Many aspects of the organization of the electromotor synapse of electric fish resemble the nerve-muscle junction. In particular, the postsynaptic membrane in both systems share most of their proteins. As a remarquable source of cholinergic synapses, the Torpedo electrocyte model has served to identify the most important components involved in synaptic transmission such as the nicotinic acetylcholine receptor and the enzyme acetylcholinesterase, as well as proteins associated with the subsynaptic cytoskeleton and the extracellular matrix involved in the assembly of the postsynaptic membrane, namely the 43-kDa protein-rapsyn, the dystrophin/utrophin complex, agrin, and others.

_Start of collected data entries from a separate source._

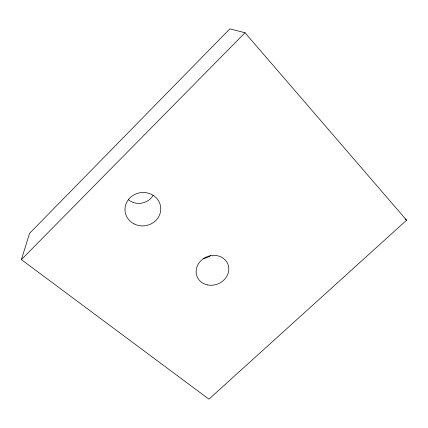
<?xml version="1.0" encoding="UTF-8"?>
<svg xmlns="http://www.w3.org/2000/svg" width="428" height="428" viewBox="0 0 428 428"><rect width="100%" height="100%" fill="white"/><g stroke="black" fill="none" stroke-linecap="round" stroke-linejoin="round"><path stroke-width="0.64" d="M21.4 259.63L29.559 233.356L229.873 28.847L245.014 32.753L406.6 220.201L208.939 399.153L21.4 259.63L245.014 32.753M404.99 219.013L406.6 220.201M210.565 255.703A15.066 13.589 -22 0 1 203.364 258.475M153.074 195.414A16.157 15.269 -4.3 0 1 128.373 199.737M207.639 284.946A16.612 14.654 -22.4 0 0 228.392 265.724A16.612 14.654 -22.4 0 0 201.342 260.304A16.612 14.654 -22.4 0 0 207.639 284.946M134.06 223.898A17.922 16.692 -7.6 0 0 160.778 208.741A17.922 16.692 -7.6 0 0 133.787 194.959A17.922 16.692 -7.6 0 0 134.06 223.898"/></g></svg>
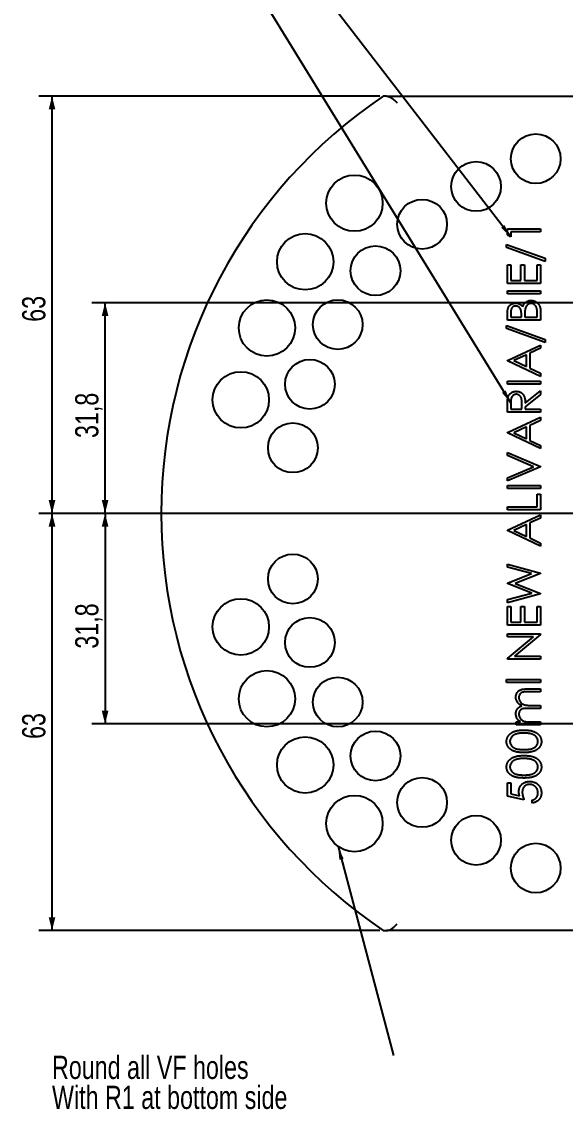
# Model space of a CAD drawing. Header units: millimetres. Extents: x 8 to 3888, y -9857 to 412.
# Drawn here: x 397 to 479, y 111.8 to 276 of the extents above; entities that cross this region are included whole.
import ezdxf

# ---------------------------------------------------------------- set-up
doc = ezdxf.new("R2010")
doc.units = ezdxf.units.MM
doc.header["$PDSIZE"] = -1
doc.linetypes.add('CENTERX2', pattern=[20.32, 12.7, -2.54, 2.54, -2.54])
for name, color, linetype in [('CENTERLINE', 4, 'CENTERX2'), ('DIMENSIONS', 2, 'Continuous'), ('TEXT', 2, 'Continuous')]:
    doc.layers.add(name, color=color, linetype=linetype)
doc.layers.add('OUTLINE', color=7, linetype='Continuous', lineweight=25)
doc.styles.add('SLDTEXTSTYLE0', font='TXT', dxfattribs={"width": 0.75})
doc.dimstyles.new('SLDDIMSTYLE1', dxfattribs={"dimtxt": 3.5, "dimasz": 2, "dimexe": 0, "dimexo": 0.0625, "dimgap": 0.875, "dimtad": 1, "dimrnd": 1e-09, "dimzin": 12, "dimdsep": 46, "dimtxsty": 'SLDTEXTSTYLE0', "dimsah": 1, "dimcen": 0.09, "dimadec": 0, "dimazin": 3, "dimtfac": 1, "dimtofl": 0, "dimtmove": 0, "dimatfit": 3, "dimfxl": 0, "dimfrac": 2, "dimtolj": 1, "dimtzin": 12, "dimarcsym": 0})
doc.dimstyles.new('SLDDIMSTYLE4', dxfattribs={"dimtxt": 0.18, "dimasz": 2, "dimexe": 0, "dimexo": 0.0625, "dimgap": 0, "dimtad": 0, "dimtih": 1, "dimtoh": 1, "dimdec": 0, "dimrnd": 1e-09, "dimzin": 0, "dimdsep": 46, "dimtxsty": 'Standard', "dimsah": 1, "dimcen": 0.09, "dimadec": 0, "dimazin": 0, "dimtfac": 2, "dimtdec": 0, "dimtofl": 0, "dimtmove": 0, "dimatfit": 3, "dimfxl": 0, "dimfrac": 2, "dimtolj": 1, "dimtzin": 0, "dimarcsym": 0})
doc.dimstyles.new('SLDDIMSTYLE7', dxfattribs={"dimtxt": 3.5, "dimasz": 2, "dimexe": 0, "dimexo": 0.0625, "dimgap": 0.875, "dimtad": 1, "dimdec": 1, "dimrnd": 1e-09, "dimzin": 12, "dimdsep": 46, "dimtxsty": 'SLDTEXTSTYLE0', "dimsah": 1, "dimcen": 0.09, "dimadec": 0, "dimazin": 3, "dimtfac": 1, "dimtdec": 1, "dimtofl": 0, "dimtmove": 0, "dimatfit": 3, "dimfxl": 0, "dimfrac": 2, "dimtolj": 1, "dimtzin": 12, "dimarcsym": 0})

# ---------------------------------------------------------------- blocks, each defined once
blk = doc.blocks.new('_D_30')
at = {"layer": 'DIMENSIONS'}
for p, q in [((493, 201.76), (399.54, 201.76)), ((401.54, 138.76), (401.54, 201.76)), ((450.97, 138.76), (399.54, 138.76))]:
    blk.add_line(p, q, dxfattribs=at)
for points in [[(401.54, 201.76), (401.04, 199.76), (402.04, 199.76)], [(401.54, 138.76), (402.04, 140.76), (401.04, 140.76)]]:
    blk.add_solid(points, dxfattribs=at)
at = {"layer": 'DIMENSIONS', "insert": (397.03, 167.69), "char_height": 3.5, "attachment_point": 1, "rotation": 90, "style": 'SLDTEXTSTYLE0'}
blk.add_mtext('63', dxfattribs=at)
blk = doc.blocks.new('_D_31')
at = {"layer": 'DIMENSIONS'}
for p, q in [((485.5, 233.56), (407.54, 233.56)), ((409.54, 201.76), (409.54, 233.56)), ((493, 201.76), (407.54, 201.76))]:
    blk.add_line(p, q, dxfattribs=at)
for points in [[(409.54, 233.56), (409.04, 231.56), (410.04, 231.56)], [(409.54, 201.76), (410.04, 203.76), (409.04, 203.76)]]:
    blk.add_solid(points, dxfattribs=at)
at = {"layer": 'DIMENSIONS', "insert": (405.03, 213.14), "char_height": 3.5, "attachment_point": 1, "rotation": 90, "style": 'SLDTEXTSTYLE0'}
blk.add_mtext('31,8', dxfattribs=at)
blk = doc.blocks.new('_D_32')
at = {"layer": 'DIMENSIONS'}
for p, q in [((450.97, 264.76), (399.54, 264.76)), ((401.54, 201.76), (401.54, 264.76)), ((493, 201.76), (399.54, 201.76))]:
    blk.add_line(p, q, dxfattribs=at)
for points in [[(401.54, 264.76), (401.04, 262.76), (402.04, 262.76)], [(401.54, 201.76), (402.04, 203.76), (401.04, 203.76)]]:
    blk.add_solid(points, dxfattribs=at)
at = {"layer": 'DIMENSIONS', "insert": (397.03, 230.69), "char_height": 3.5, "attachment_point": 1, "rotation": 90, "style": 'SLDTEXTSTYLE0'}
blk.add_mtext('63', dxfattribs=at)
blk = doc.blocks.new('_D_33')
at = {"layer": 'DIMENSIONS'}
for p, q in [((414.76, 201.76), (407.54, 201.76)), ((409.54, 201.76), (409.54, 169.96)), ((485.5, 169.96), (407.54, 169.96))]:
    blk.add_line(p, q, dxfattribs=at)
for points in [[(409.54, 201.76), (409.04, 199.76), (410.04, 199.76)], [(409.54, 169.96), (410.04, 171.96), (409.04, 171.96)]]:
    blk.add_solid(points, dxfattribs=at)
at = {"layer": 'DIMENSIONS', "insert": (405.03, 181.33), "char_height": 3.5, "attachment_point": 1, "rotation": 90, "style": 'SLDTEXTSTYLE0'}
blk.add_mtext('31,8', dxfattribs=at)
blk = doc.blocks.new('SW_NOTE_8')
at = {"layer": 'TEXT', "color": 0, "char_height": 3.5, "attachment_point": 1, "style": 'SLDTEXTSTYLE0'}
for s, insert in [('Round all VF holes', (-51.5, -0.02)), ('With R1 at bottom side', (-51.5, -4.55))]:
    blk.add_mtext(s, dxfattribs=dict(at, insert=insert))
blk = doc.blocks.new('SW_CENTERMARKSYMBOL_2')
at = {"layer": 'CENTERLINE', "color": 0}
for p, q in [((0, 5), (0, 68.55)), ((0, 0), (0, 2.5)), ((-5, 0), (-78.24, 0)), ((0, 0), (-2.5, 0)), ((0, 0), (0, -2.5)), ((0, 0), (2.5, 0)), ((5, 0), (77, 0)), ((0, -5), (0, -68.52))]:
    blk.add_line(p, q, dxfattribs=at)

msp = doc.modelspace()

# ---------------------------------------------------------------- linework, layer by layer
at = {"color": 7, "linetype": 'Continuous', "lineweight": 0}
msp.add_point((453.66475, 201.75653), dxfattribs=at)
at = {"layer": 'OUTLINE'}
for p, q in [((451.97456, 264.75653), (536.03034, 264.75653)), ((470.23193, 244.7373), (475.23194, 244.7373)), ((470.23193, 243.81282), (470.23193, 244.7373)), ((475.23194, 244.7373), (475.23194, 244.28859)), ((470.74476, 243.51935), (470.23193, 243.81282)), ((470.74476, 244.28859), (470.74476, 243.51935)), ((475.23194, 244.28859), (470.74476, 244.28859)), ((470.10373, 242.36551), (475.93706, 240.27416)), ((470.10373, 241.89275), (470.10373, 242.36551)), ((475.93706, 239.80141), (470.10373, 241.89275)), ((475.93706, 240.27416), (475.93706, 239.80141)), ((470.23193, 239.28858), (470.74476, 239.28858)), ((470.23193, 236.46807), (470.23193, 239.28858)), ((470.74476, 239.28858), (470.74476, 236.91679)), ((472.28322, 239.28858), (472.79604, 239.28858)), ((472.28322, 236.91679), (472.28322, 239.28858)), ((472.79604, 239.28858), (472.79604, 236.91679)), ((474.71911, 239.28858), (475.23194, 239.28858)), ((474.71911, 236.91679), (474.71911, 239.28858)), ((475.23194, 239.28858), (475.23194, 236.46807)), ((470.74476, 236.91679), (472.28322, 236.91679)), ((472.79604, 236.91679), (474.71911, 236.91679)), ((475.23194, 236.46807), (470.23193, 236.46807)), ((470.23193, 235.37833), (475.23194, 235.37833)), ((470.23193, 234.92961), (470.23193, 235.37833)), ((475.23194, 234.92961), (470.23193, 234.92961)), ((475.23194, 235.37833), (475.23194, 234.92961)), ((470.23193, 230.95525), (470.23193, 231.93081)), ((470.74476, 232.01294), (470.74476, 231.40397)), ((472.34732, 231.40397), (472.34732, 231.70545)), ((472.86014, 231.70144), (472.86014, 231.40397)), ((474.71911, 231.40397), (474.71911, 232.04299)), ((475.23194, 232.30742), (475.23194, 230.95525)), ((470.10373, 230.12192), (475.93706, 228.03057)), ((470.10373, 229.64916), (470.10373, 230.12192)), ((475.23194, 230.95525), (470.23193, 230.95525)), ((470.74476, 231.40397), (472.34732, 231.40397)), ((472.86014, 231.40397), (474.71911, 231.40397)), ((475.93706, 227.55782), (470.10373, 229.64916)), ((470.23193, 224.86551), (475.23194, 227.1732)), ((475.23194, 226.68542), (473.62937, 225.94624)), ((475.23194, 227.1732), (475.23194, 226.68542)), ((475.93706, 228.03057), (475.93706, 227.55782)), ((473.11655, 225.70986), (471.20649, 224.82845)), ((473.11655, 223.923), (473.11655, 225.70986)), ((473.62937, 225.94624), (473.62937, 223.67961)), ((470.23193, 224.8014), (470.23193, 224.86551)), ((475.23194, 222.42961), (470.23193, 224.8014)), ((471.20649, 224.82845), (473.11655, 223.923)), ((473.62937, 223.67961), (475.23194, 222.91939)), ((470.23193, 221.72448), (475.23194, 221.72448)), ((470.23193, 221.27576), (470.23193, 221.72448)), ((475.23194, 222.91939), (475.23194, 222.42961)), ((475.23194, 221.72448), (475.23194, 221.27576)), ((475.23194, 221.27576), (470.23193, 221.27576)), ((472.92424, 218.41318), (475.23194, 220.25012)), ((475.23194, 220.25012), (475.23194, 219.69523)), ((470.74476, 218.43121), (470.74476, 217.49371)), ((475.23194, 219.69523), (472.92424, 217.8583)), ((470.23193, 217.045), (470.23193, 218.0456)), ((475.23194, 217.045), (470.23193, 217.045)), ((470.74476, 217.49371), (472.41142, 217.49371)), ((472.41142, 217.49371), (472.41843, 218.40918)), ((472.92424, 217.8583), (472.92424, 217.49371)), ((472.92424, 217.49371), (475.23194, 217.49371)), ((475.23194, 217.49371), (475.23194, 217.045)), ((470.23193, 213.96807), (475.23194, 216.27576)), ((475.23194, 215.78798), (473.62937, 215.0488)), ((475.23194, 216.27576), (475.23194, 215.78798)), ((470.23193, 213.90397), (470.23193, 213.96807)), ((475.23194, 211.53217), (470.23193, 213.90397)), ((473.11655, 214.81242), (471.20649, 213.93101)), ((471.20649, 213.93101), (473.11655, 213.02556)), ((473.11655, 213.02556), (473.11655, 214.81242)), ((473.62937, 215.0488), (473.62937, 212.78217)), ((473.62937, 212.78217), (475.23194, 212.02196)), ((475.23194, 212.02196), (475.23194, 211.53217)), ((470.23193, 210.95525), (475.23194, 208.83987)), ((470.23193, 210.47448), (470.23193, 210.95525)), ((474.17224, 208.80782), (470.23193, 210.47448)), ((470.23193, 207.14115), (474.17224, 208.80782)), ((475.23194, 208.77576), (470.23193, 206.66038)), ((475.23194, 208.83987), (475.23194, 208.77576)), ((470.23193, 206.66038), (470.23193, 207.14115)), ((470.23193, 205.95525), (475.23194, 205.95525)), ((470.23193, 205.50653), (470.23193, 205.95525)), ((475.23194, 205.50653), (470.23193, 205.50653)), ((475.23194, 205.95525), (475.23194, 205.50653)), ((474.71911, 204.6732), (475.23194, 204.6732)), ((474.71911, 202.75012), (474.71911, 204.6732)), ((475.23194, 204.6732), (475.23194, 202.30141)), ((470.23193, 202.75012), (474.71911, 202.75012)), ((470.23193, 202.30141), (470.23193, 202.75012)), ((475.23194, 202.30141), (470.23193, 202.30141)), ((470.23193, 199.22448), (475.23194, 201.53217)), ((475.23194, 201.04439), (473.62937, 200.30521)), ((475.23194, 201.53217), (475.23194, 201.04439)), ((470.23193, 199.16038), (470.23193, 199.22448)), ((475.23194, 196.78858), (470.23193, 199.16038)), ((473.11655, 200.06883), (471.20649, 199.18742)), ((471.20649, 199.18742), (473.11655, 198.28197)), ((473.11655, 198.28197), (473.11655, 200.06883)), ((473.62937, 200.30521), (473.62937, 198.03858)), ((473.62937, 198.03858), (475.23194, 197.27837)), ((475.23194, 197.27837), (475.23194, 196.78858)), ((470.23193, 194.09628), (475.23194, 192.74812)), ((470.23193, 193.63754), (470.23193, 194.09628)), ((473.87376, 192.65397), (470.23193, 193.63754)), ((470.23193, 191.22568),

This review encompasses some representative experiments that helped to clarify essential aspects of the supramolecular organization and assembly of the postsynaptic apparatus of cholinergic synapses.

Integration of intermediate filaments into cellular organelles

The intermediate filaments represent core components of the cytoskeleton and are known to interact with several membranous organelles. Classic examples of this are the attachment of keratin filaments to the desmosomes and the association of the lamin filament meshwork with the inner nuclear membrane. At this point, the molecular mechanisms by which the filaments link to membranes are not clearly understood. However, since a substantial body of information has been amassed, the time is now ripe for comparing notes and formulating working hypotheses. With this objective in mind, we review here pioneering studies on this subject, together with work that has appeared more recently in the literature.